Car il te faudra bien admettre que seul vaut ce qui a coûté du temps aux hommes, comme du temple. Et que la gloire de mon empire, dont chacun recevra sa part, ne découle que du diamant que je les contrains d'extraire et de la reine que j'en aurai ornée.
Car je ne connais qu'une liberté qui est exercice de l'âme. Et non l'autre qui n'est que risible, car te voilà contraint quand même de chercher la porte pour franchir les murs et tu n'es point libre d'être jeune ni d'user du soleil la nuit.

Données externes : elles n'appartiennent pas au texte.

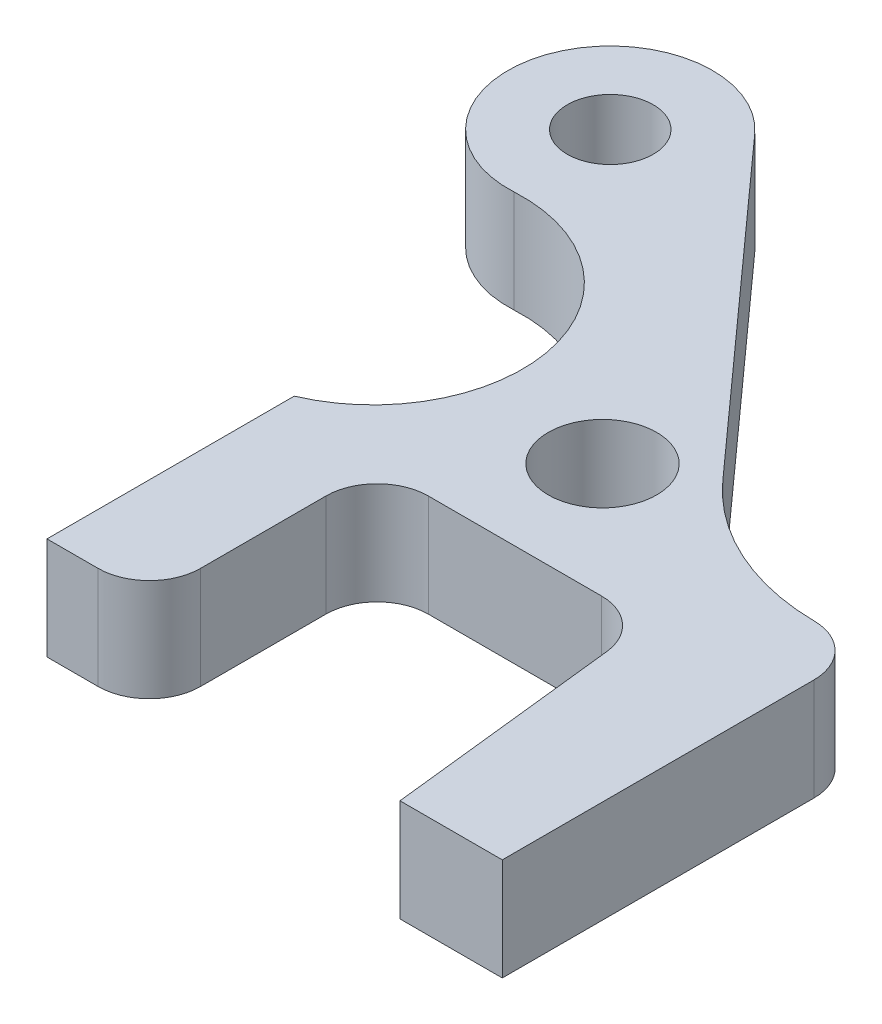
ISO-10303-21;
HEADER;
FILE_DESCRIPTION(('STEP AP214'),'2;1');
FILE_NAME('part.step','',(''),(''),'','','');
FILE_SCHEMA(('AUTOMOTIVE_DESIGN { 1 0 10303 214 1 1 1 1 }'));
ENDSEC;
DATA;
#1=APPLICATION_CONTEXT('core data for automotive mechanical design processes');
#2=APPLICATION_PROTOCOL_DEFINITION('international standard','automotive_design',2000,#1);
#3=PRODUCT_CONTEXT('',#1,'mechanical');
#4=PRODUCT('Part','Part','',(#3));
#5=PRODUCT_RELATED_PRODUCT_CATEGORY('part','',(#4));
#6=PRODUCT_DEFINITION_FORMATION('','',#4);
#7=PRODUCT_DEFINITION_CONTEXT('part definition',#1,'design');
#8=PRODUCT_DEFINITION('design','',#6,#7);
#9=PRODUCT_DEFINITION_SHAPE('','',#8);
#10=(LENGTH_UNIT() NAMED_UNIT(*) SI_UNIT(.MILLI.,.METRE.));
#11=(NAMED_UNIT(*) PLANE_ANGLE_UNIT() SI_UNIT($,.RADIAN.));
#12=(NAMED_UNIT(*) SI_UNIT($,.STERADIAN.) SOLID_ANGLE_UNIT());
#13=UNCERTAINTY_MEASURE_WITH_UNIT(LENGTH_MEASURE(1.E-05),#10,'distance_accuracy_value','');
#14=(GEOMETRIC_REPRESENTATION_CONTEXT(3) GLOBAL_UNCERTAINTY_ASSIGNED_CONTEXT((#13)) GLOBAL_UNIT_ASSIGNED_CONTEXT((#10,
#11,#12)) REPRESENTATION_CONTEXT('',''));
#15=CARTESIAN_POINT('',(0.,0.,0.));
#16=DIRECTION('',(0.,0.,1.));
#17=DIRECTION('',(1.,0.,0.));
#18=AXIS2_PLACEMENT_3D('',#15,#16,#17);
#19=CARTESIAN_POINT('',(0.,-5.,-1.07552855510562E-12));
#20=DIRECTION('',(0.,1.,0.));
#21=DIRECTION('',(0.,0.,1.));
#22=AXIS2_PLACEMENT_3D('',#19,#20,#21);
#23=CYLINDRICAL_SURFACE('',#22,5.00000000000001);
#24=CARTESIAN_POINT('',(0.,0.,-1.07552855510562E-12));
#25=DIRECTION('',(0.,1.,0.));
#26=DIRECTION('',(0.,0.,1.));
#27=AXIS2_PLACEMENT_3D('',#24,#25,#26);
#28=CIRCLE('',#27,5.00000000000001);
#29=CARTESIAN_POINT('',(3.71832057184778,0.,-3.34276713591911));
#30=VERTEX_POINT('',#29);
#31=CARTESIAN_POINT('',(0.291809825642227,0.,4.99147743916047));
#32=VERTEX_POINT('',#31);
#33=EDGE_CURVE('E170',#30,#32,#28,.T.);
#34=ORIENTED_EDGE('',*,*,#33,.F.);
#35=DIRECTION('',(0.,1.,0.));
#36=VECTOR('',#35,1.);
#37=CARTESIAN_POINT('',(3.71832057184778,-5.,-3.34276713591911));
#38=LINE('',#37,#36);
#39=CARTESIAN_POINT('',(3.71832057184778,-5.,-3.34276713591911));
#40=VERTEX_POINT('',#39);
#41=EDGE_CURVE('E11',#40,#30,#38,.T.);
#42=ORIENTED_EDGE('',*,*,#41,.F.);
#43=CARTESIAN_POINT('',(0.,-5.,-1.07552855510562E-12));
#44=DIRECTION('',(0.,1.,0.));
#45=DIRECTION('',(0.,0.,1.));
#46=AXIS2_PLACEMENT_3D('',#43,#44,#45);
#47=CIRCLE('',#46,5.00000000000001);
#48=CARTESIAN_POINT('',(0.291809825642227,-5.,4.99147743916047));
#49=VERTEX_POINT('',#48);
#50=EDGE_CURVE('E212',#40,#49,#47,.T.);
#51=ORIENTED_EDGE('',*,*,#50,.T.);
#52=DIRECTION('',(0.,1.,0.));
#53=VECTOR('',#52,1.);
#54=CARTESIAN_POINT('',(0.291809825642227,-5.,4.99147743916047));
#55=LINE('',#54,#53);
#56=EDGE_CURVE('E34',#49,#32,#55,.T.);
#57=ORIENTED_EDGE('',*,*,#56,.T.);
#58=EDGE_LOOP('',(#34,#42,#51,#57));
#59=FACE_BOUND('',#58,.T.);
#60=ADVANCED_FACE('F31',(#59),#23,.T.);
#61=CARTESIAN_POINT('',(3.71832057184778,-5.,-3.34276713591911));
#62=DIRECTION('',(0.743664114369555,0.,-0.668553427183606));
#63=DIRECTION('',(-0.668553427183606,0.,-0.743664114369555));
#64=AXIS2_PLACEMENT_3D('',#61,#62,#63);
#65=PLANE('',#64);
#66=DIRECTION('',(-0.668553427183606,0.,-0.743664114369555));
#67=VECTOR('',#66,1.);
#68=CARTESIAN_POINT('',(3.71832057184778,0.,-3.34276713591911));
#69=LINE('',#68,#67);
#70=CARTESIAN_POINT('',(17.6183743657092,0.,12.118930873539));
#71=VERTEX_POINT('',#70);
#72=EDGE_CURVE('E210',#71,#30,#69,.T.);
#73=ORIENTED_EDGE('',*,*,#72,.F.);
#74=DIRECTION('',(0.,1.,0.));
#75=VECTOR('',#74,1.);
#76=CARTESIAN_POINT('',(17.6183743657092,-5.,12.118930873539));
#77=LINE('',#76,#75);
#78=CARTESIAN_POINT('',(17.6183743657092,-5.,12.118930873539));
#79=VERTEX_POINT('',#78);
#80=EDGE_CURVE('E40',#79,#71,#77,.T.);
#81=ORIENTED_EDGE('',*,*,#80,.F.);
#82=DIRECTION('',(-0.668553427183606,0.,-0.743664114369555));
#83=VECTOR('',#82,1.);
#84=CARTESIAN_POINT('',(3.71832057184778,-5.,-3.34276713591911));
#85=LINE('',#84,#83);
#86=EDGE_CURVE('E160',#79,#40,#85,.T.);
#87=ORIENTED_EDGE('',*,*,#86,.T.);
#88=ORIENTED_EDGE('',*,*,#41,.T.);
#89=EDGE_LOOP('',(#73,#81,#87,#88));
#90=FACE_BOUND('',#89,.T.);
#91=ADVANCED_FACE('F238',(#90),#65,.T.);
#92=CARTESIAN_POINT('',(25.9164295757043,-5.,4.65898606457902));
#93=DIRECTION('',(0.,1.,0.));
#94=DIRECTION('',(0.,0.,1.));
#95=AXIS2_PLACEMENT_3D('',#92,#93,#94);
#96=CYLINDRICAL_SURFACE('',#95,11.1583375473614);
#97=CARTESIAN_POINT('',(25.9164295757043,0.,4.65898606457902));
#98=DIRECTION('',(0.,-1.,0.));
#99=DIRECTION('',(0.,0.,1.));
#100=AXIS2_PLACEMENT_3D('',#97,#98,#99);
#101=CIRCLE('',#100,11.1583375473614);
#102=CARTESIAN_POINT('',(25.7960671213815,0.,15.8166744318191));
#103=VERTEX_POINT('',#102);
#104=EDGE_CURVE('E147',#103,#71,#101,.T.);
#105=ORIENTED_EDGE('',*,*,#104,.F.);
#106=DIRECTION('',(0.,1.,0.));
#107=VECTOR('',#106,1.);
#108=CARTESIAN_POINT('',(25.7960671213815,-5.,15.8166744318191));
#109=LINE('',#108,#107);
#110=CARTESIAN_POINT('',(25.7960671213815,-5.,15.8166744318191));
#111=VERTEX_POINT('',#110);
#112=EDGE_CURVE('E142',#111,#103,#109,.T.);
#113=ORIENTED_EDGE('',*,*,#112,.F.);
#114=CARTESIAN_POINT('',(25.9164295757043,-5.,4.65898606457902));
#115=DIRECTION('',(0.,-1.,0.));
#116=DIRECTION('',(0.,0.,1.));
#117=AXIS2_PLACEMENT_3D('',#114,#115,#116);
#118=CIRCLE('',#117,11.1583375473614);
#119=EDGE_CURVE('E145',#111,#79,#118,.T.);
#120=ORIENTED_EDGE('',*,*,#119,.T.);
#121=ORIENTED_EDGE('',*,*,#80,.T.);
#122=EDGE_LOOP('',(#105,#113,#120,#121));
#123=FACE_BOUND('',#122,.T.);
#124=ADVANCED_FACE('F144',(#123),#96,.F.);
#125=CARTESIAN_POINT('',(25.7691001888497,-5.,18.3165289844981));
#126=DIRECTION('',(0.,1.,0.));
#127=DIRECTION('',(0.,0.,1.));
#128=AXIS2_PLACEMENT_3D('',#125,#126,#127);
#129=CYLINDRICAL_SURFACE('',#128,2.50000000000001);
#130=CARTESIAN_POINT('',(25.7691001888497,0.,18.3165289844981));
#131=DIRECTION('',(0.,1.,0.));
#132=DIRECTION('',(0.,0.,-1.));
#133=AXIS2_PLACEMENT_3D('',#130,#131,#132);
#134=CIRCLE('',#133,2.50000000000001);
#135=CARTESIAN_POINT('',(28.2691001888497,0.,18.3165289844981));
#136=VERTEX_POINT('',#135);
#137=EDGE_CURVE('E207',#136,#103,#134,.T.);
#138=ORIENTED_EDGE('',*,*,#137,.F.);
#139=DIRECTION('',(0.,1.,0.));
#140=VECTOR('',#139,1.);
#141=CARTESIAN_POINT('',(28.2691001888497,-5.,18.3165289844981));
#142=LINE('',#141,#140);
#143=CARTESIAN_POINT('',(28.2691001888497,-5.,18.3165289844981));
#144=VERTEX_POINT('',#143);
#145=EDGE_CURVE('E152',#144,#136,#142,.T.);
#146=ORIENTED_EDGE('',*,*,#145,.F.);
#147=CARTESIAN_POINT('',(25.7691001888497,-5.,18.3165289844981));
#148=DIRECTION('',(0.,1.,0.));
#149=DIRECTION('',(0.,0.,-1.));
#150=AXIS2_PLACEMENT_3D('',#147,#148,#149);
#151=CIRCLE('',#150,2.50000000000001);
#152=EDGE_CURVE('E158',#144,#111,#151,.T.);
#153=ORIENTED_EDGE('',*,*,#152,.T.);
#154=ORIENTED_EDGE('',*,*,#112,.T.);
#155=EDGE_LOOP('',(#138,#146,#153,#154));
#156=FACE_BOUND('',#155,.T.);
#157=ADVANCED_FACE('F162',(#156),#129,.T.);
#158=CARTESIAN_POINT('',(28.2691001888498,-5.,33.5446843123103));
#159=DIRECTION('',(1.,0.,0.));
#160=DIRECTION('',(0.,0.,-1.));
#161=AXIS2_PLACEMENT_3D('',#158,#159,#160);
#162=PLANE('',#161);
#163=DIRECTION('',(0.,0.,-1.));
#164=VECTOR('',#163,1.);
#165=CARTESIAN_POINT('',(28.2691001888498,0.,33.5446843123103));
#166=LINE('',#165,#164);
#167=CARTESIAN_POINT('',(28.2691001888498,0.,33.5446843123103));
#168=VERTEX_POINT('',#167);
#169=EDGE_CURVE('E204',#168,#136,#166,.T.);
#170=ORIENTED_EDGE('',*,*,#169,.F.);
#171=DIRECTION('',(0.,1.,0.));
#172=VECTOR('',#171,1.);
#173=CARTESIAN_POINT('',(28.2691001888498,-5.,33.5446843123103));
#174=LINE('',#173,#172);
#175=CARTESIAN_POINT('',(28.2691001888498,-5.,33.5446843123103));
#176=VERTEX_POINT('',#175);
#177=EDGE_CURVE('E216',#176,#168,#174,.T.);
#178=ORIENTED_EDGE('',*,*,#177,.F.);
#179=DIRECTION('',(0.,0.,-1.));
#180=VECTOR('',#179,1.);
#181=CARTESIAN_POINT('',(28.2691001888498,-5.,33.5446843123103));
#182=LINE('',#181,#180);
#183=EDGE_CURVE('E163',#176,#144,#182,.T.);
#184=ORIENTED_EDGE('',*,*,#183,.T.);
#185=ORIENTED_EDGE('',*,*,#145,.T.);
#186=EDGE_LOOP('',(#170,#178,#184,#185));
#187=FACE_BOUND('',#186,.T.);
#188=ADVANCED_FACE('F251',(#187),#162,.T.);
#189=CARTESIAN_POINT('',(23.2691001888498,-5.,33.5446843123103));
#190=DIRECTION('',(0.,0.,1.));
#191=DIRECTION('',(1.,0.,0.));
#192=AXIS2_PLACEMENT_3D('',#189,#190,#191);
#193=PLANE('',#192);
#194=DIRECTION('',(1.,0.,0.));
#195=VECTOR('',#194,1.);
#196=CARTESIAN_POINT('',(23.2691001888498,0.,33.5446843123103));
#197=LINE('',#196,#195);
#198=CARTESIAN_POINT('',(23.2691001888498,0.,33.5446843123103));
#199=VERTEX_POINT('',#198);
#200=EDGE_CURVE('E201',#199,#168,#197,.T.);
#201=ORIENTED_EDGE('',*,*,#200,.F.);
#202=DIRECTION('',(0.,1.,0.));
#203=VECTOR('',#202,1.);
#204=CARTESIAN_POINT('',(23.2691001888498,-5.,33.5446843123103));
#205=LINE('',#204,#203);
#206=CARTESIAN_POINT('',(23.2691001888498,-5.,33.5446843123103));
#207=VERTEX_POINT('',#206);
#208=EDGE_CURVE('E218',#207,#199,#205,.T.);
#209=ORIENTED_EDGE('',*,*,#208,.F.);
#210=DIRECTION('',(1.,0.,0.));
#211=VECTOR('',#210,1.);
#212=CARTESIAN_POINT('',(23.2691001888498,-5.,33.5446843123103));
#213=LINE('',#212,#211);
#214=EDGE_CURVE('E165',#207,#176,#213,.T.);
#215=ORIENTED_EDGE('',*,*,#214,.T.);
#216=ORIENTED_EDGE('',*,*,#177,.T.);
#217=EDGE_LOOP('',(#201,#209,#215,#216));
#218=FACE_BOUND('',#217,.T.);
#219=ADVANCED_FACE('F254',(#218),#193,.T.);
#220=CARTESIAN_POINT('',(22.0073956861614,-5.,22.1778849571099));
#221=DIRECTION('',(-0.993895947407551,0.,0.110321556038912));
#222=DIRECTION('',(0.110321556038912,0.,0.993895947407551));
#223=AXIS2_PLACEMENT_3D('',#220,#221,#222);
#224=PLANE('',#223);
#225=DIRECTION('',(0.110321556038912,0.,0.993895947407551));
#226=VECTOR('',#225,1.);
#227=CARTESIAN_POINT('',(22.0073956861614,0.,22.1778849571099));
#228=LINE('',#227,#226);
#229=CARTESIAN_POINT('',(22.0073956861614,0.,22.1778849571099));
#230=VERTEX_POINT('',#229);
#231=EDGE_CURVE('E198',#230,#199,#228,.T.);
#232=ORIENTED_EDGE('',*,*,#231,.F.);
#233=DIRECTION('',(0.,1.,0.));
#234=VECTOR('',#233,1.);
#235=CARTESIAN_POINT('',(22.0073956861614,-5.,22.1778849571099));
#236=LINE('',#235,#234);
#237=CARTESIAN_POINT('',(22.0073956861614,-5.,22.1778849571099));
#238=VERTEX_POINT('',#237);
#239=EDGE_CURVE('E220',#238,#230,#236,.T.);
#240=ORIENTED_EDGE('',*,*,#239,.F.);
#241=DIRECTION('',(0.110321556038912,0.,0.993895947407551));
#242=VECTOR('',#241,1.);
#243=CARTESIAN_POINT('',(22.0073956861614,-5.,22.1778849571099));
#244=LINE('',#243,#242);
#245=EDGE_CURVE('E349',#238,#207,#244,.T.);
#246=ORIENTED_EDGE('',*,*,#245,.T.);
#247=ORIENTED_EDGE('',*,*,#208,.T.);
#248=EDGE_LOOP('',(#232,#240,#246,#247));
#249=FACE_BOUND('',#248,.T.);
#250=ADVANCED_FACE('F258',(#249),#224,.T.);
#251=CARTESIAN_POINT('',(19.5226558176426,-5.,22.4536888472072));
#252=DIRECTION('',(0.,1.,0.));
#253=DIRECTION('',(0.,0.,1.));
#254=AXIS2_PLACEMENT_3D('',#251,#252,#253);
#255=CYLINDRICAL_SURFACE('',#254,2.5);
#256=CARTESIAN_POINT('',(19.5226558176426,0.,22.4536888472072));
#257=DIRECTION('',(0.,-1.,0.));
#258=DIRECTION('',(0.,0.,-1.));
#259=AXIS2_PLACEMENT_3D('',#256,#257,#258);
#260=CIRCLE('',#259,2.5);
#261=CARTESIAN_POINT('',(19.5226558176426,0.,19.9536888472072));
#262=VERTEX_POINT('',#261);
#263=EDGE_CURVE('E195',#262,#230,#260,.T.);
#264=ORIENTED_EDGE('',*,*,#263,.F.);
#265=DIRECTION('',(0.,1.,0.));
#266=VECTOR('',#265,1.);
#267=CARTESIAN_POINT('',(19.5226558176426,-5.,19.9536888472072));
#268=LINE('',#267,#266);
#269=CARTESIAN_POINT('',(19.5226558176426,-5.,19.9536888472072));
#270=VERTEX_POINT('',#269);
#271=EDGE_CURVE('E222',#270,#262,#268,.T.);
#272=ORIENTED_EDGE('',*,*,#271,.F.);
#273=CARTESIAN_POINT('',(19.5226558176426,-5.,22.4536888472072));
#274=DIRECTION('',(0.,-1.,0.));
#275=DIRECTION('',(0.,0.,-1.));
#276=AXIS2_PLACEMENT_3D('',#273,#274,#275);
#277=CIRCLE('',#276,2.5);
#278=EDGE_CURVE('E346',#270,#238,#277,.T.);
#279=ORIENTED_EDGE('',*,*,#278,.T.);
#280=ORIENTED_EDGE('',*,*,#239,.T.);
#281=EDGE_LOOP('',(#264,#272,#279,#280));
#282=FACE_BOUND('',#281,.T.);
#283=ADVANCED_FACE('F262',(#282),#255,.F.);
#284=CARTESIAN_POINT('',(11.0616912661466,-5.,19.9536888472072));
#285=DIRECTION('',(0.,0.,1.));
#286=DIRECTION('',(1.,0.,0.));
#287=AXIS2_PLACEMENT_3D('',#284,#285,#286);
#288=PLANE('',#287);
#289=DIRECTION('',(1.,0.,0.));
#290=VECTOR('',#289,1.);
#291=CARTESIAN_POINT('',(11.0616912661466,0.,19.9536888472072));
#292=LINE('',#291,#290);
#293=CARTESIAN_POINT('',(11.0616912661466,0.,19.9536888472072));
#294=VERTEX_POINT('',#293);
#295=EDGE_CURVE('E192',#294,#262,#292,.T.);
#296=ORIENTED_EDGE('',*,*,#295,.F.);
#297=DIRECTION('',(0.,1.,0.));
#298=VECTOR('',#297,1.);
#299=CARTESIAN_POINT('',(11.0616912661466,-5.,19.9536888472072));
#300=LINE('',#299,#298);
#301=CARTESIAN_POINT('',(11.0616912661466,-5.,19.9536888472072));
#302=VERTEX_POINT('',#301);
#303=EDGE_CURVE('E224',#302,#294,#300,.T.);
#304=ORIENTED_EDGE('',*,*,#303,.F.);
#305=DIRECTION('',(1.,0.,0.));
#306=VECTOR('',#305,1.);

Si je t'oblige de choisir cette porte plutôt que l'autre, tu te plaindras de ma brimade, quand tu n'as point vu, s'il n'est qu'une porte, que tu subissais la même contrainte. Et si je te refuse le droit d'épouser celle-là qui te semble belle, tu te plaindras de ma tyrannie, quand tu n'as point remarqué, faute d'en avoir connu une autre, que dans ton village toutes étaient bigles.
Mais celle-là que tu épouseras, comme je l'ai contraint de devenir et qu'à toi aussi j'ai forgé une âme, vous userez tous deux de la seule liberté qui ait un sens et qui est exercice de l'esprit.
Car la licence t'efface et selon les paroles de mon père: «Ce n'est point être libre que de n'être pas.»
XCVI
Car je te parlerai un jour de la nécessité ou de l'absolu qui est nœud divin qui noue les choses.
Car impossible il est de jouer dans le pathétique au jeu de dés si les dés ne signifient rien. Et celui-là que j'envoie par ordre sur la mer, si elle se montre orageuse et qu'avant de s'y embarquer il en prend connaissance par un vaste regard, et que les nuages lourds il les pèse comme adversaires, et que cette houle il la mesure, et que ce fléchissement du vent il le respire, toutes ces choses pour lui retentiront les unes sur les autres et, de par la nécessité qui est mon ordre, à quoi il n'y a rien à répondre, il ne sera plus pour lui spectacle disparate de foire mais basilique construite et moi comme clef de voûte pour établir sa permanence. Ainsi celui-là sera-t-il magnifique quand il entrera, déléguant à son tour ses ordres dans le cérémonial du navire.
Mais tel autre, hors de moi, s'il prétend visiter la mer en promeneur et qu'il y peut errer comme il le souhaite et se résoudre selon sa propre pente au demi-tour, il n'a point accès à la basilique et ces nuages lourds ne lui sont point épreuve mais guère plus importants que d'une toile peinte, et ce vent qui fraîchit n'est point transformation du monde mais faible caresse sur la chair, et cette houle qui se creuse n'est que fatigue pour son ventre.
Et c'est pourquoi ce que j'appellerai devoir, qui est nœud divin qui noue les choses, ne te construira ton empire, ton temple, ou ton domaine que s'il se montre à toi comme absolue nécessité et non comme jeu dont les règles seraient changeantes.
«Tu reconnaîtras un devoir, disait mon père, à ce que d'abord il n'est point de toi de le choisir.»